How to choose what to read. This is a harder one to be definitive about. First it depends what options you have. In all likelihood you are talking about your debut book, so you're restricted to that. Especially if the reading is mainly aimed at promoting that book. I'm going to assume it's a novel, since short stories and flash fiction are much easier to do live in that unlike an extract from a novel, with these the audience are getting the whole piece and therefore require less contextualising. For the past 4 years I have mainly been reading my flash fiction, but with a new novel coming out this summer, I'm going to be switching back to reading extracts and so what follows applies to me as I make my selections in the next few months.

Firstly what type of book have you written? Action thriller, literary fiction, romance, horror? This will inform your thinking as behind what you choose to read. What are you hoping to convey with what you read? Are you after conveying the style of the book? Or give a taste of the main characters and their relationship? Do you want to convey the atmosphere of the book (such as in Horror or Supernatural)? Do you want to read something that ramps up the tension in the room, then leave the audience on a cliffhanger? Maybe you want to make the audience laugh, or perhaps present yourself as a storyteller par excellence. All of these are valid but always derive from the book you have written. If you have a long reading slot of course you might be able to present a couple of different ones of these impressions. So these are the thoughts you ought to consider when choosing your piece. A descriptive piece may convey the atmosphere and the style of writing, but the downside is it may be hard for the audience to picture in their minds coming to it cold. Dialogue heavy extract may best convey the relationships and characters, but can you carry off the different voices to make them distinctive enough to the ear no matter how distinctive they are on the page.

If you can read the opening of your novel it is always useful as it is doing the job of providing context, rather than if your first extract is somewhere further inside the novel when you will almost certainly have to offer a preamble of how the plot got to that point.
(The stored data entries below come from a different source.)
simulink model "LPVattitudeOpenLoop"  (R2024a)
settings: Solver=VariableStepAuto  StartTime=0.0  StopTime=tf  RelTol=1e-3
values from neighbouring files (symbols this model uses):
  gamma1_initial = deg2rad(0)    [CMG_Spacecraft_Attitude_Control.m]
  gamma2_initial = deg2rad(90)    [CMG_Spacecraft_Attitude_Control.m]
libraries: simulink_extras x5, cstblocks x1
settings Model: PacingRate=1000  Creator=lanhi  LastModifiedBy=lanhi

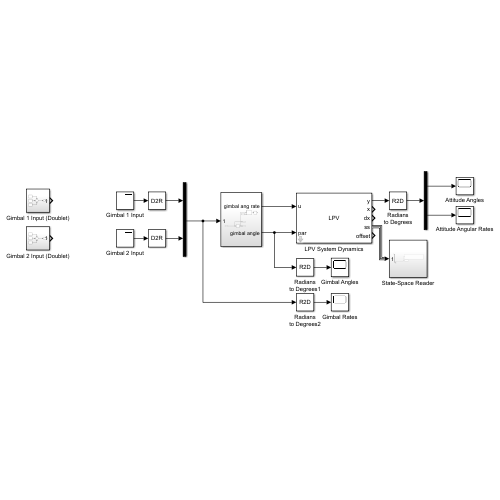
[thumbnail: Simulink's stored preview of the top-level diagram]
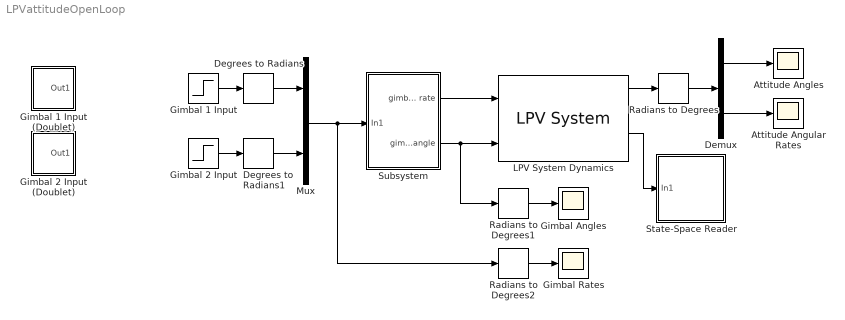
== system LPVattitudeOpenLoop ==
  Attitude Angles : Scope
  Attitude Angular Rates : Scope
  Degrees to Radians : simulink_extras/Transformations/Degrees to Radians
  Degrees to Radians1 : simulink_extras/Transformations/Degrees to Radians
  Demux : Demux  Outputs=2
  Gimbal 1 Input : Step  After=0  SampleTime=0
  Gimbal 1 Input (Doublet) : Subsystem
  Gimbal 2 Input : Step  After=0  SampleTime=0
  Gimbal 2 Input (Doublet) : Subsystem
  Gimbal Angles : Scope
  Gimbal Rates : Scope
  LPV System Dynamics : cstblocks/Linear Parameter Varying/LPV System  sys=ICs  x0=[deg2rad(15) deg2rad(12) deg2rad(8) deg2rad(0) deg2rad(0) deg2rad(0)]  opSpecOption=Specify offsets as double arrays  uOffset=0  yOffset=0  xOffset=0  opEquilOption=on  dxOffset=0  sysFixedOption=Use the first model in state-space array  sysFixed=[]  AFixed=false  BFixed=false  CFixed=false  DFixed=false  uDelayFixed=false  yDelayFixed=false  iDelayFixed=false  IMethod=Linear  EMethod=Clip  IndexSearch=Binary search  IndexBegin=on  OutputX=on  OutputXdot=on  OutputLTI=on  OutputOP=on  DataType=double  InitBufferSize=1024  FixedBuffer=off  SimMode=Interpreted execution  Offset=struct
  Mux : Mux  Inputs=2
  Radians to Degrees : simulink_extras/Transformations/Radians to Degrees
  Radians to Degrees1 : simulink_extras/Transformations/Radians to Degrees
  Radians to Degrees2 : simulink_extras/Transformations/Radians to Degrees
  State-Space Reader : Subsystem
  Subsystem : Subsystem
  wires:
  Radians to Degrees/1 -> Demux/1
  Demux/1 -> Attitude Angles/1
  Demux/2 -> Attitude Angular Rates/1
  Mux/1 -> Radians to Degrees2/1, Subsystem/1(In1)
  LPV System Dynamics/1 -> Radians to Degrees/1
  Subsystem/2(gimbal angle) -> Radians to Degrees1/1, LPV System Dynamics/2
  Radians to Degrees1/1 -> Gimbal Angles/1
  Subsystem/1(gimbal ang rate) -> LPV System Dynamics/1
  Degrees to Radians/1 -> Mux/1
  Degrees to Radians1/1 -> Mux/2
  Gimbal 1 Input/1 -> Degrees to Radians/1
  Gimbal 2 Input/1 -> Degrees to Radians1/1
  Radians to Degrees2/1 -> Gimbal Rates/1
  LPV System Dynamics/4 -> State-Space Reader/1(In1)

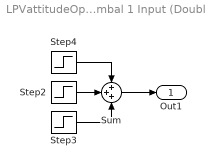
== system LPVattitudeOpenLoop/Gimbal 1 Input (Doublet) ==
  Step2 : Step  Time=5  After=-0.2  SampleTime=0
  Step3 : Step  Time=9  After=0.1  SampleTime=0
  Step4 : Step  After=0.1  SampleTime=0
  Sum : Sum  Inputs=+++
  Out1 : Outport
  wires:
  Step2/1 -> Sum/2
  Step4/1 -> Sum/1
  Step3/1 -> Sum/3
  Sum/1 -> Out1/1

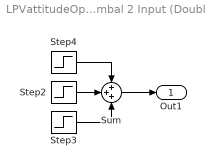
== system LPVattitudeOpenLoop/Gimbal 2 Input (Doublet) ==
  Step2 : Step  Time=5  After=-0.2  SampleTime=0
  Step3 : Step  Time=9  After=0.1  SampleTime=0
  Step4 : Step  After=0.1  SampleTime=0
  Sum : Sum  Inputs=+++
  Out1 : Outport
  wires:
  Step2/1 -> Sum/2
  Step4/1 -> Sum/1
  Step3/1 -> Sum/3
  Sum/1 -> Out1/1

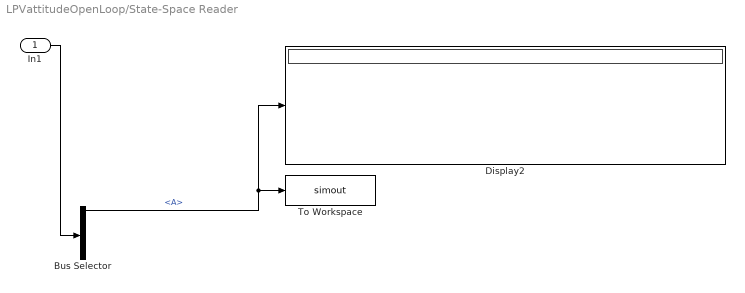
== system LPVattitudeOpenLoop/State-Space Reader ==
  In1 : Inport
  Bus Selector : BusSelector  OutputSignals=A,B,C,D
  Display2 : Display
  To Workspace : ToWorkspace  VariableName=simout  SaveFormat=Structure With Time  SampleTime=-1
  wires:
  In1/1 -> Bus Selector/1
  Bus Selector/1 -> Display2/1, To Workspace/1  "<A>"

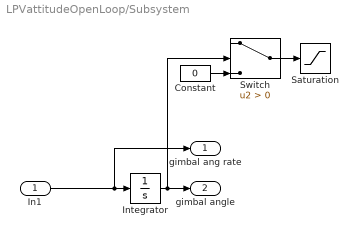
== system LPVattitudeOpenLoop/Subsystem ==
  In1 : Inport
  Constant : Constant  Value=0
  Integrator : Integrator  InitialCondition=[gamma1_initial,gamma2_initial]
  Saturation : Saturate
  Switch : Switch  Criteria=u2 > Threshold  SaturateOnIntegerOverflow=off  InputSameDT=off
  gimbal ang rate : Outport
  gimbal angle : Outport  Port=2
  wires:
  Integrator/1 -> gimbal angle/1, Switch/2
  In1/1 -> gimbal ang rate/1, Integrator/1
  Constant/1 -> Switch/3
  Switch/1 -> Saturation/1
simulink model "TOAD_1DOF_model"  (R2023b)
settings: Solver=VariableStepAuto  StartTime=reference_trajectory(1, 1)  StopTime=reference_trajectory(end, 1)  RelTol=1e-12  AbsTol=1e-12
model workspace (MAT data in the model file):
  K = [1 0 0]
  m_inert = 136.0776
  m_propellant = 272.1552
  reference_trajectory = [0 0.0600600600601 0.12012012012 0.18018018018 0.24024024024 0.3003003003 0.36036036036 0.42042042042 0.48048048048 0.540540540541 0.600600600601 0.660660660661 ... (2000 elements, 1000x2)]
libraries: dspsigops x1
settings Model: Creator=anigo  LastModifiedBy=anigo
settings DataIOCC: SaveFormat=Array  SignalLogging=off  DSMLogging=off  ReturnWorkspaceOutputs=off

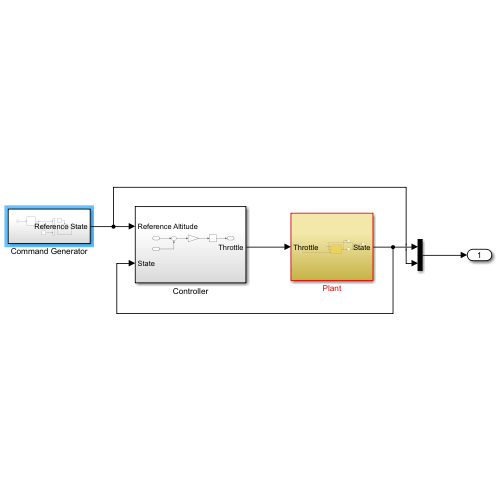
[thumbnail: Simulink's stored preview of the top-level diagram]
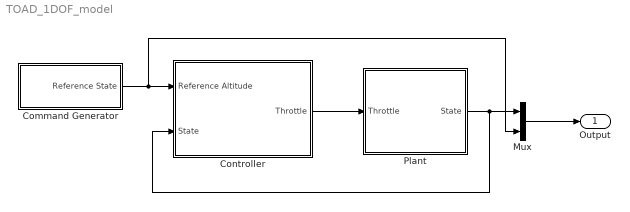
== system TOAD_1DOF_model ==
  Command Generator : Subsystem
  Controller : Subsystem
  Mux : Mux  Inputs=2
  Plant : Subsystem
  Output : Outport
  wires:
  Command Generator/1(Reference State) -> Mux/2, Controller/1(Reference Altitude)
  Controller/1(Throttle) -> Plant/1(Throttle)
  Plant/1(State) -> Mux/1, Controller/2(State)
  Mux/1 -> Output/1

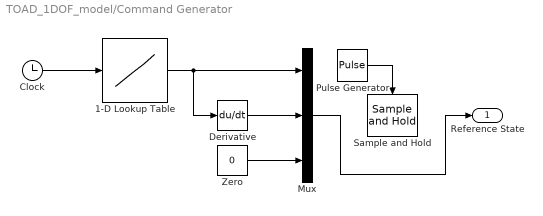
== system TOAD_1DOF_model/Command Generator ==
  1-D Lookup Table : Lookup_n-D  NumberOfTableDimensions=1  BreakpointsForDimension1=reference_trajectory(:, 1)  Table=reference_trajectory(:, 2)  InternalRulePriority=Speed  RndMeth=Simplest
  Clock : Clock
  Derivative : Derivative
  Mux : Mux  Inputs=3
  Pulse Generator : DiscretePulseGenerator  PulseType=Time based  Period=1/100  PulseWidth=5
  Sample and Hold : dspsigops/Sample and Hold  trig=Rising edge  initCond=0  latchinput=off
  Zero : Constant  Value=0  OutDataTypeStr=Inherit: Inherit via back propagation
  Reference State : Outport
  wires:
  Clock/1 -> 1-D Lookup Table/1
  1-D Lookup Table/1 -> Mux/1, Derivative/1
  Derivative/1 -> Mux/2
  Zero/1 -> Mux/3
  Pulse Generator/1 -> Sample and Hold/Trigger
  Mux/1 -> Reference State/1

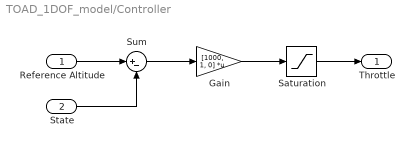
== system TOAD_1DOF_model/Controller ==
  Reference Altitude : Inport
  State : Inport  Port=2
  Gain : Gain  Gain=[1000, 1, 0]  Multiplication=Matrix(K*u)
  Saturation : Saturate  UpperLimit=100  LowerLimit=40  ZeroCross=off
  Sum : Sum  Inputs=|+-
  Throttle : Outport
  wires:
  Reference Altitude/1 -> Sum/1
  State/1 -> Sum/2
  Sum/1 -> Gain/1
  Gain/1 -> Saturation/1
  Saturation/1 -> Throttle/1

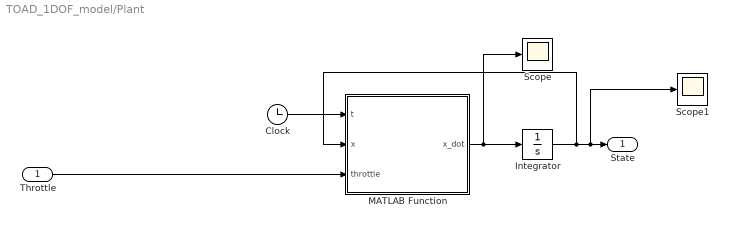
== system TOAD_1DOF_model/Plant ==
  Throttle : Inport
  Clock : Clock
  Integrator : Integrator  InitialCondition=[reference_trajectory(1, 2); 0; m_inert + m_propellant]
  MATLAB Function : MATLAB Function  TreatAsAtomicUnit=on
  Scope : Scope
  Scope1 : Scope
  State : Outport
  wires:
  Throttle/1 -> MATLAB Function/3(throttle)
  Integrator/1 -> Scope1/1, State/1, MATLAB Function/2(x)
  Clock/1 -> MATLAB Function/1(t)
  MATLAB Function/1(x_dot) -> Scope/1, Integrator/1

== matlab function TOAD_1DOF_model/Plant/MATLAB Function ==
  data: t input; x_dot output; x input; throttle input; m_inert parameter
function x_dot = fcn(t, x, throttle, m_inert)
    coder.extrinsic('./lib/EOMS.m');
    x_dot = EOMS(t, x, throttle, m_inert);
end

A general rule is less explanatory preamble and more reading of the actual text if you can possibly manage it. The preamble, or bits in between the extracts are your chance to talk about the book as a whole and do a selling job on it, sort of pitching it subtly and the extracts will hopefully show that off to the best manner. In the bits between the extracts you can talk about all manner of things associated with the novel, such as where you got the idea from, or which writers inspired you, these are nearly always more engaging for an audience than them trying to grasp your novel summed up in a few sentences. When I come to selecting my pieces (and I won't be selecting the opening of the novel), I may stick with my flash fiction approach and give minimal 1-line preamble and trust to the extract itself doing all the work and conveying to the audience what it's supposed to convey. The novel's structure has the advantage that it is episodic and those episodes occur out of sequence within the book itself, so they are fairly self-contained chapters. Having said that, one of the three main voices I can't read aloud at all, since there are visual cues and ideograms in the book that I just couldn't reproduce in a reading.

So there you have it. I wish you all luck with your live readings and please feel free to ask me any questions in the comments and I'll answer them.